[swift-evolution] Pre proposal: Should there be a way to distinguish class instances from struct instances

Dave Abrahams dabrahams at apple.com
Thu Dec 17 15:33:31 CST 2015


> On Dec 17, 2015, at 4:23 AM, Daniel Steinberg via swift-evolution <swift-evolution at swift.org> wrote:
> 
> The way in which we reason about instances of value types and instances of reference types is significantly different and yet there is no way to easily distinguish them in Swift.
> 
> In Objective-C, for example, if we have an NSDate and an NSTimeInterval we can tell that NSDate is a reference type and NSTimeInterval is a value type by looking at how it is used in code
> 
> NSDate *myDate = //…
> NSTimeInterval someTimeInterval = //…
> 
> The “*” helps us see that myDate is a pointer to an instance of NSDate.
> 
> We see this in methods that return values as well
> 
> - (NSString *)aStrringReturningMethod // …
> - (NSInteger)numberOfMistakesInThisEmail //...
> 
> I realize that this is a result of Objective-C living in C’s world and we don’t have that constraint in Swift.
> 
> However, this means that when the semantics of variables, parameters, properties, and return values from methods is not always clear in our code. Because structs can have methods in Swift it is all to easy to confuse an instance of a struct with an instance of a class.
> 
> I may be alone here, but I think it would be less confusing if there were some way to distinguish between value types and reference types in code.

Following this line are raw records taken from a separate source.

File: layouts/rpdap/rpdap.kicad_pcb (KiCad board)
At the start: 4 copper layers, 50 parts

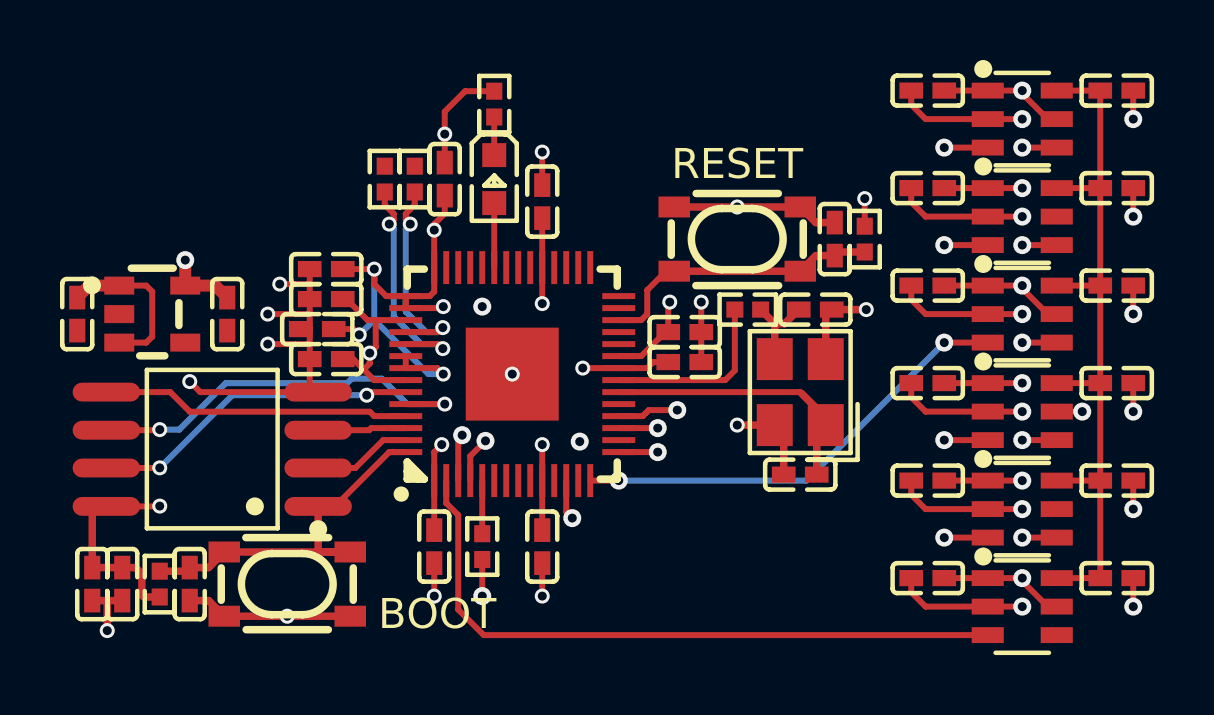
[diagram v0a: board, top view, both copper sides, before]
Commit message: update layouts and add jlink base compact layout
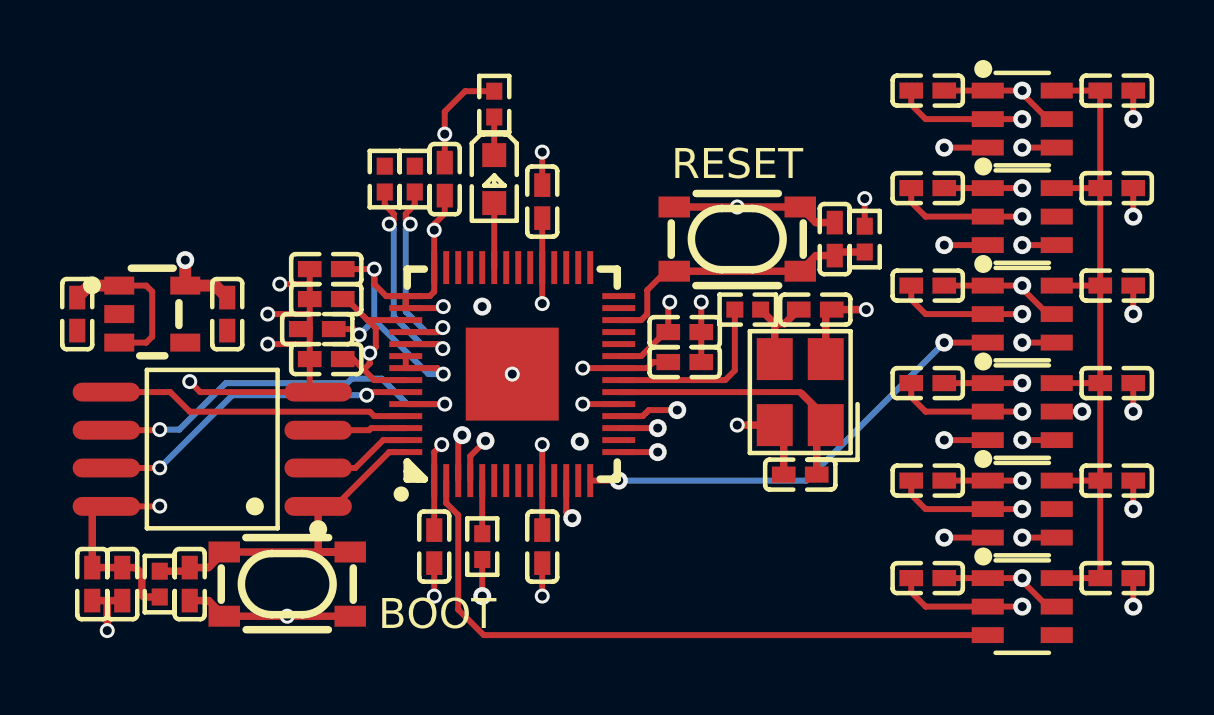
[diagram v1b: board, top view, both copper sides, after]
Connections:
- net GND_DETECT renamed TARGET_GND_DETECT
- net SWDIO renamed TARGET_SWDIO
- net SWO renamed TARGET_SWO
- net UART_RX renamed TARGET_UART_RX
- net UART_TX renamed TARGET_UART_TX
- net nRESET renamed TARGET_RESET
- U3 pad 4: -line-3 -> TARGET_SWCLK
- U4 pad 3: -line-4 -> -line-3
- U4 pad 5: (no net) -> GND
- U5 pad 3: -line-5 -> -line-4
- U6 pad 3: -line-6 -> -line-5
- U7 pad 3: -line-7 -> -line-6
- U7 pad 5: (no net) -> GND
- U8 pad 17: -line-4 -> -line-3
- U8 pad 18: -line-5 -> -line-4
- U8 pad 19: TESTEN -> GND
- U8 pad 2: -line-6 -> -line-5
- U8 pad 3: -line-7 -> -line-6
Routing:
- net -line-7: track 21.8 -> 0.00 mm, vias 2 -> 0
- net -line-3: track 1.15 -> 15.6 mm, vias 1 -> 2
- net -line-5: track 16.0 -> 22.5 mm, vias 2 -> 0
- net GND: track 72.5 -> 73.7 mm
- net TARGET_SWCLK: track 0.00 -> 1.15 mm, vias 0 -> 1
- net -line-6: track 22.5 -> 21.8 mm, vias 0 -> 2
- net QSPI_SCLK: vias 2 -> 3

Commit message: refactor jlink connector, make stick prety
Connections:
- net -line-0 renamed model-a-line-0
- net -line-1 renamed gpio[9]-line
- net -line-2 renamed model-a-line-1
- net -line-3 renamed gpio[14]-line
- net -line-4 renamed model-a-line-2
- net -line-5 renamed TX
- net -line-6 renamed RX
- net DVDD renamed _core_regulator_out_power-VCC
- net QSPI_SCLK renamed clock
- net QSPI_SS renamed chip_select
- net SWCLK renamed SWD_CLK
- net SWD renamed SWD_DIO
- net hv renamed power_b-VCC
- net mcu-line-0 renamed gpio[26]-line
- net mcu-line-1 renamed gpio[27]-line
- net mcu-line-2 renamed analog[2]-line
- net mcu-line-3 renamed gpio[29]-line
- net mcu-line-4 renamed SCLK
- net mcu-line-5 renamed MOSI
- net mcu-line-6 renamed MISO
- net mcu-line-7 renamed SDA
- net xin renamed XIN
- net xout renamed XOUT

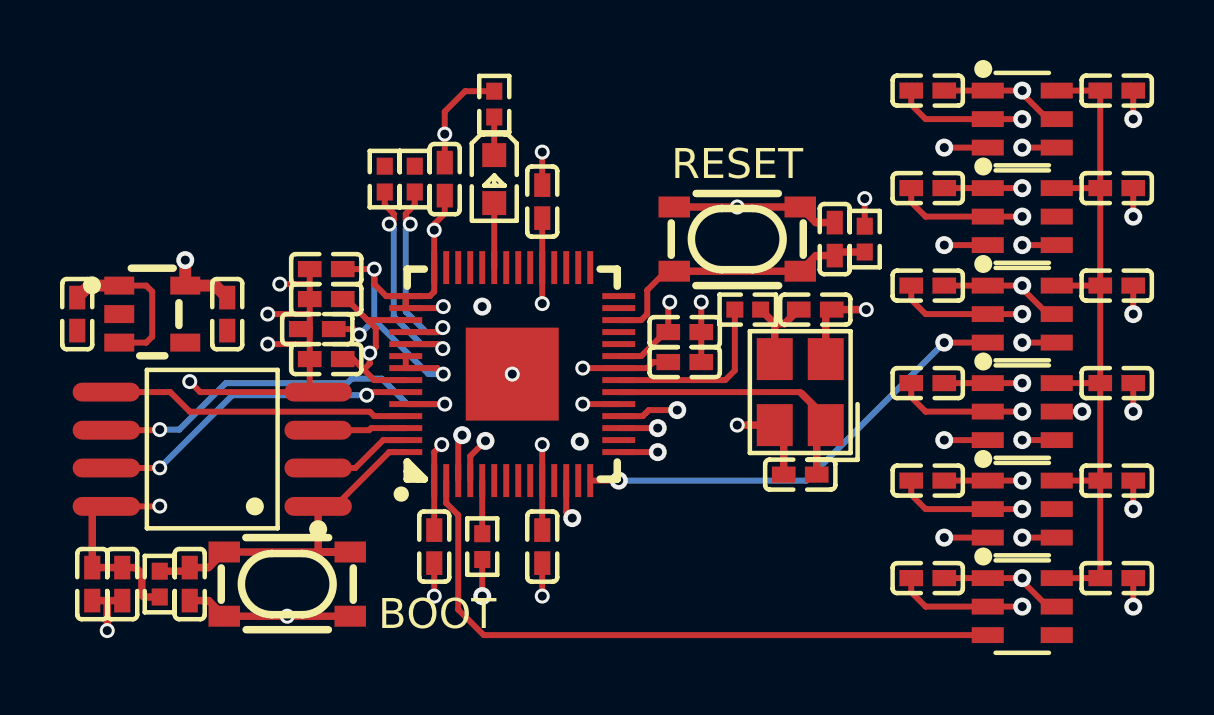
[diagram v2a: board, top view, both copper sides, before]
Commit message: refactor debug-connectors, fix issues in layout and connections
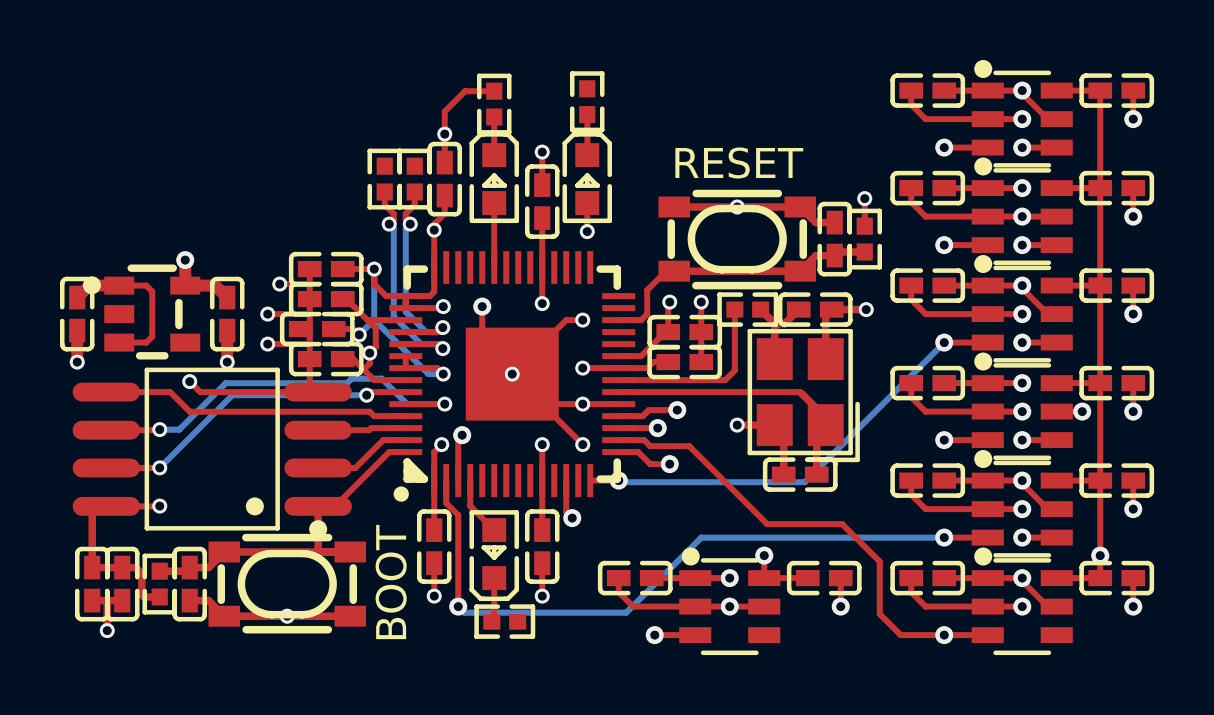
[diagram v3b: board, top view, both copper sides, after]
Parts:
- added C31: 100nF ±10% 16V X7R, Samsung_Electro_Mechanics_CL05B104KO5NNNC:C0402, F.Cu at (4.10, 6.80)
- added C32: 100nF ±10% 16V X7R, Samsung_Electro_Mechanics_CL05B104KO5NNNC:C0402, F.Cu at (10.4, 6.80)
- added LED2: , Hubei_KENTO_Elec_KT_0603R:LED0603-RD, F.Cu at (2.50, -6.50)
- added LED3: , Hubei_KENTO_Elec_Blue_light_0603:LED0603-RD, F.Cu at (-0.60, 6.00)
- added R8: 10kΩ ±1% 62.5mW, UNI_ROYAL_0402WGF1002TCE:R0402, F.Cu at (-0.25, 8.25)
- added U10: , Wuxi_I_core_Elec_AiP74LVC1T45GB236_TR:SOT-23-6_L2.9-W1.6-P0.95-LS2.8-BL, F.Cu at (7.25, 7.75)
- R1: value 100kΩ ±1% 62.5mW -> 1kΩ ±1% 62.5mW; footprint UNI_ROYAL_0402WGF1003TCE:R0402 -> UNI_ROYAL_0402WGF1001TCE:R0402
- moved R1 15.2 mm to (2.50, -9.08), turned to 90 degrees
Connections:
- net DI renamed data_0
- net DO renamed data_1
- net QSPI_SD2 renamed data_2
- net QSPI_SD3 renamed data_3
- net TARGET_RESET renamed nRESET
- net TARGET_SWCLK renamed TCK_SWCLK
- net TARGET_SWDIO renamed TMS_DIO
- net TARGET_SWO renamed TDO_SWO
- net TARGET_UART_RX renamed b-TX
- net TARGET_UART_TX renamed TDI
- net VBUS renamed power_shim-VCC
- net analog[2]-line renamed gpio[28]-line
- net gpio[9]-line renamed dir-line
- net power_b-VCC renamed VTREF
- C1 pad 2: GND -> vcp_indicator-power-GND-0
- C10 pad 2: GND -> vcp_indicator-power-GND-0
- C11 pad 2: GND -> vcp_indicator-power-GND-0
- C12 pad 2: GND -> vcp_indicator-power-GND-0
- C13 pad 2: GND -> vcp_indicator-power-GND-0
- C14 pad 2: GND -> vcp_indicator-power-GND-0
- C15 pad 2: GND -> vcp_indicator-power-GND-0
- C16 pad 2: GND -> vcp_indicator-power-GND-0
- C17 pad 2: GND -> vcp_indicator-power-GND-0
- C18 pad 2: GND -> vcp_indicator-power-GND-0
- C19 pad 2: GND -> vcp_indicator-power-GND-0
- C2 pad 2: GND -> vcp_indicator-power-GND-0
- C20 pad 2: GND -> vcp_indicator-power-GND-0
- C21 pad 2: GND -> vcp_indicator-power-GND-0
- C22 pad 2: GND -> vcp_indicator-power-GND-0
- C23 pad 2: GND -> vcp_indicator-power-GND-0
- C24 pad 2: GND -> vcp_indicator-power-GND-0
- C25 pad 2: GND -> vcp_indicator-power-GND-0
- C26 pad 2: GND -> vcp_indicator-power-GND-0
- C27 pad 2: GND -> vcp_indicator-power-GND-0
- C28 pad 2: GND -> vcp_indicator-power-GND-0
- C29 pad 2: GND -> vcp_indicator-power-GND-0
- C3 pad 2: GND -> vcp_indicator-power-GND-0
- C30 pad 2: GND -> vcp_indicator-power-GND-0
- C4 pad 2: GND -> vcp_indicator-power-GND-0
- C5 pad 2: GND -> vcp_indicator-power-GND-0
- C6 pad 2: GND -> vcp_indicator-power-GND-0
- C7 pad 2: GND -> vcp_indicator-power-GND-0
- C8 pad 2: GND -> vcp_indicator-power-GND-0
- C9 pad 2: GND -> vcp_indicator-power-GND-0
- R1 pad 1: TARGET_GND_DETECT -> footprint-cathode-0
- R1 pad 2: 3V3 -> vcp_indicator-power-GND-0
- R4 pad 1: GND -> vcp_indicator-power-GND-0
- SW1 pad 1: GND -> vcp_indicator-power-GND-0
- SW1 pad 2: GND -> vcp_indicator-power-GND-0
- SW2 pad 1: GND -> vcp_indicator-power-GND-0
- SW2 pad 2: GND -> vcp_indicator-power-GND-0
- U1 pad 2: GND -> vcp_indicator-power-GND-0
- U2 pad 2: GND -> vcp_indicator-power-GND-0
- U3 pad 2: GND -> vcp_indicator-power-GND-0
- U3 pad 5: 3V3 -> (no net)
- U4 pad 2: GND -> vcp_indicator-power-GND-0
- U4 pad 3: gpio[14]-line -> model-a-line-2
- U4 pad 5: GND -> vcp_indicator-power-GND-0
- U5 pad 2: GND -> vcp_indicator-power-GND-0
- U5 pad 3: model-a-line-2 -> model-a-line-3
- U5 pad 5: 3V3 -> (no net)
- U6 pad 2: GND -> vcp_indicator-power-GND-0
- U6 pad 3: TX -> model-a-line-4
- U6 pad 5: 3V3 -> (no net)
- U7 pad 2: GND -> vcp_indicator-power-GND-0
- U7 pad 3: RX -> a-TX
- U7 pad 5: GND -> (no net)
- U8 pad 16: GPIO13 -> model-a-line-4
- U8 pad 17: gpio[14]-line -> model-a-line-2
- U8 pad 18: model-a-line-2 -> model-a-line-3
- U8 pad 19: GND -> vcp_indicator-power-GND-0
- U8 pad 2: TX -> a-TX
- U8 pad 3: RX -> a-RX
- U8 pad 4: SDA -> anode
- U8 pad 5: TARGET_GND_DETECT -> SCL
- U8 pad 57: GND -> vcp_indicator-power-GND-0
- U9 pad 4: GND -> vcp_indicator-power-GND-0
- X1 pad 2: GND -> vcp_indicator-power-GND-0
- X1 pad 4: GND -> vcp_indicator-power-GND-0
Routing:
- net vcp_indicator-power-GND-1: track 0.00 -> 95.3 mm, vias 0 -> 32
- net GND: track 73.7 -> 0.00 mm, vias 29 -> 0
- net a-TX: track 0.00 -> 23.2 mm, vias 0 -> 2
- net TX: track 22.5 -> 0.00 mm
- net RX: track 21.8 -> 0.00 mm, vias 2 -> 0
- net model-a-line-4: track 0.00 -> 16.0 mm, vias 0 -> 1
- net model-a-line-3: track 0.00 -> 16.0 mm, vias 0 -> 2
- net gpio[14]-line: track 15.6 -> 0.00 mm, vias 2 -> 0
- net a-RX: track 0.00 -> 13.4 mm, vias 0 -> 2
- net VTREF: track 25.0 -> 38.4 mm, vias 0 -> 2
- net 3V3: track 60.8 -> 64.7 mm, vias 19 -> 20
- net anode: track 0.00 -> 1.98 mm
- net TARGET_GND_DETECT: track 1.77 -> 0.00 mm
- net SDA: track 1.53 -> 0.00 mm, vias 1 -> 0
- net footprint-cathode-1: track 0.00 -> 1.48 mm
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
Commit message: rebuild, small fixes, update README
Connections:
- net vcp_indicator-power-GND-0 renamed GND
- U3 pad 5: (no net) -> 3V3
- U5 pad 5: (no net) -> 3V3
- U6 pad 5: (no net) -> 3V3
- U7 pad 5: (no net) -> 3V3
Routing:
- net vcp_indicator-power-GND-1: track 95.3 -> 0.00 mm, vias 32 -> 0
- net (no net): track 0.00 -> 95.3 mm, vias 3 -> 35

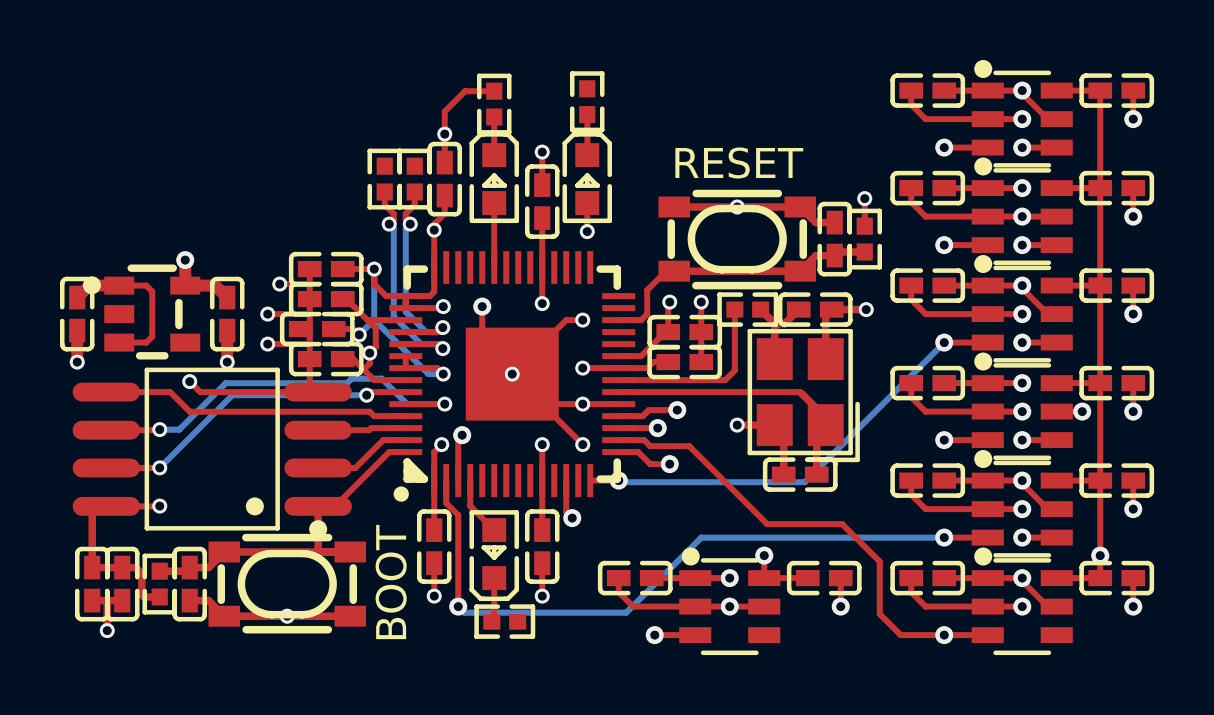
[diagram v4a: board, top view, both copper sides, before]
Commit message: fix: Update deps, swapped pinout (#2)
* rebuild with upstream rp2040 fixes. move header .25mm to the right. center dap-LED

* fix workflow triggers

* fix swapped jlink connector pinout + update deps

* pin atopile workflow version to v1.x.x
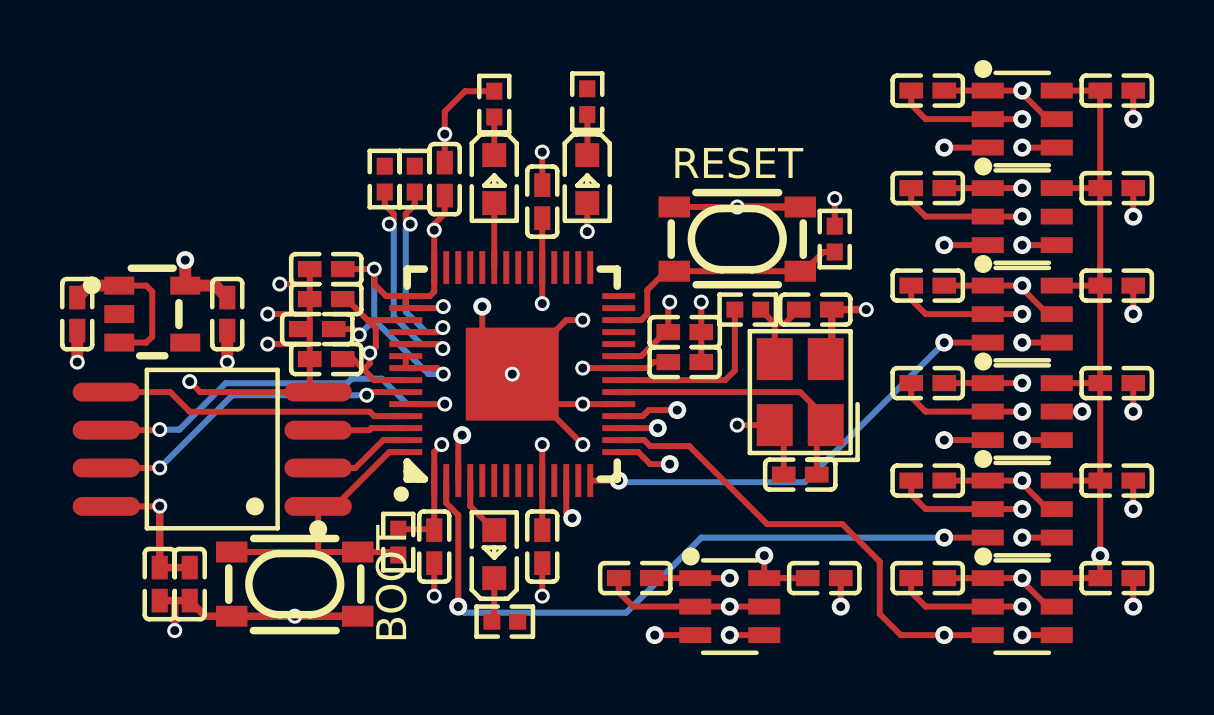
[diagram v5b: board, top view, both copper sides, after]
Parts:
- removed C15, C30: 1µF ±10% 25V X5R, Samsung_Electro_Mechanics_CL05A105KA5NQNC:C0402
- C16, C21, C28: value 2.2µF ±20% 6.3V X5R -> 2.2µF ±10% 16V X5R; footprint Samsung_Electro_Mechanics_CL05A225MQ5NSNC:C0402 -> Samsung_Electro_Mechanics_CL05A225KO5NQNC:C0402
- R6, R7: footprint YAGEO_RC0402FR_0727RL:R0402 -> UNI_ROYAL_0402WGF270JTCE:R0402
- X1: footprint Yangxing_Tech_X322512MSB4SI:CRYSTAL-SMD_4P-L3.2-W2.5-BL -> Abracon_LLC_ABM8_272_T3:CRYSTAL-SMD_4P-L3.2-W2.5-BL
- moved R2 8.07 mm to (-3.80, 5.60)
- moved C28 2.25 mm to (-11.7, 7.00)
- moved C29 2.25 mm to (-10.8, 7.00)
- moved R5 1.00 mm to (10.8, -4.50), turned to 90 degrees
- moved SW1 0.25 mm to (-7.25, 7.00), turned to 0 degrees
- turned SW2 to 180 degrees
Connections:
- net A renamed input-A
- net RP_USB_N renamed output-USB_D_N
- net RP_USB_P renamed output-USB_D_P
- net USB_N renamed input-USB_D_N
- net USB_P renamed input-USB_D_P
- net _core_regulator_out_power-VCC renamed VCC
- net a-RX renamed uart-RX
- net a-TX renamed uart-TX
- net dir-line renamed DIR
- net model-a-line-0 renamed gpio[12]-A
- net model-a-line-1 renamed gpio[11]-A
- net model-a-line-2 renamed gpio[14]-A
- net model-a-line-3 renamed gpio[15]-A
- net model-a-line-4 renamed gpio[13]-A
- net power_shim-VCC renamed Vbus_fused
- R2 pad 1: 3V3 -> chip_select
- R2 pad 2: chip_select -> 3V3
- R5 pad 1: 3V3 -> RUN
- R5 pad 2: RUN -> 3V3
- SW1 pad 1: GND -> chip_select
- SW1 pad 2: GND -> chip_select
- SW1 pad 3: chip_select -> GND
- SW1 pad 4: chip_select -> GND
- SW2 pad 1: GND -> RUN
- SW2 pad 2: GND -> RUN
- SW2 pad 3: RUN -> GND
- SW2 pad 4: RUN -> GND
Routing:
- net (no net): track 95.3 -> 0.00 mm, vias 35 -> 3
- net GND: track 0.00 -> 93.0 mm, vias 0 -> 32
- net chip_select: track 12.9 -> 10.8 mm
- net b-RX: track 0.00 -> 1.15 mm, vias 0 -> 1
- net TDI: track 0.00 -> 1.15 mm, vias 0 -> 1
- net RUN: track 9.61 -> 8.61 mm
- net 3V3: track 64.7 -> 63.9 mm

The real differences happen whenever you mutate them by part (assignment acts the same), which suggests that they should have different syntax for member access, e.g. someObject->mutatingMethod() vs. someValue.mutatingMethod().

Personally, I like that sort of thing.  Not to discourage you, but I think most people don’t recognize that types with value semantics are fundamentally different from those with reference semantics, e.g. avoiding a syntactic barrier between them was an explicit design goal of Swift 1.  Also I don’t think you’d find much support for even a 1-character penalty on method calls and property accesses to classes.  So, while I think we ought to do something in this direction, I expect it to be hard-won.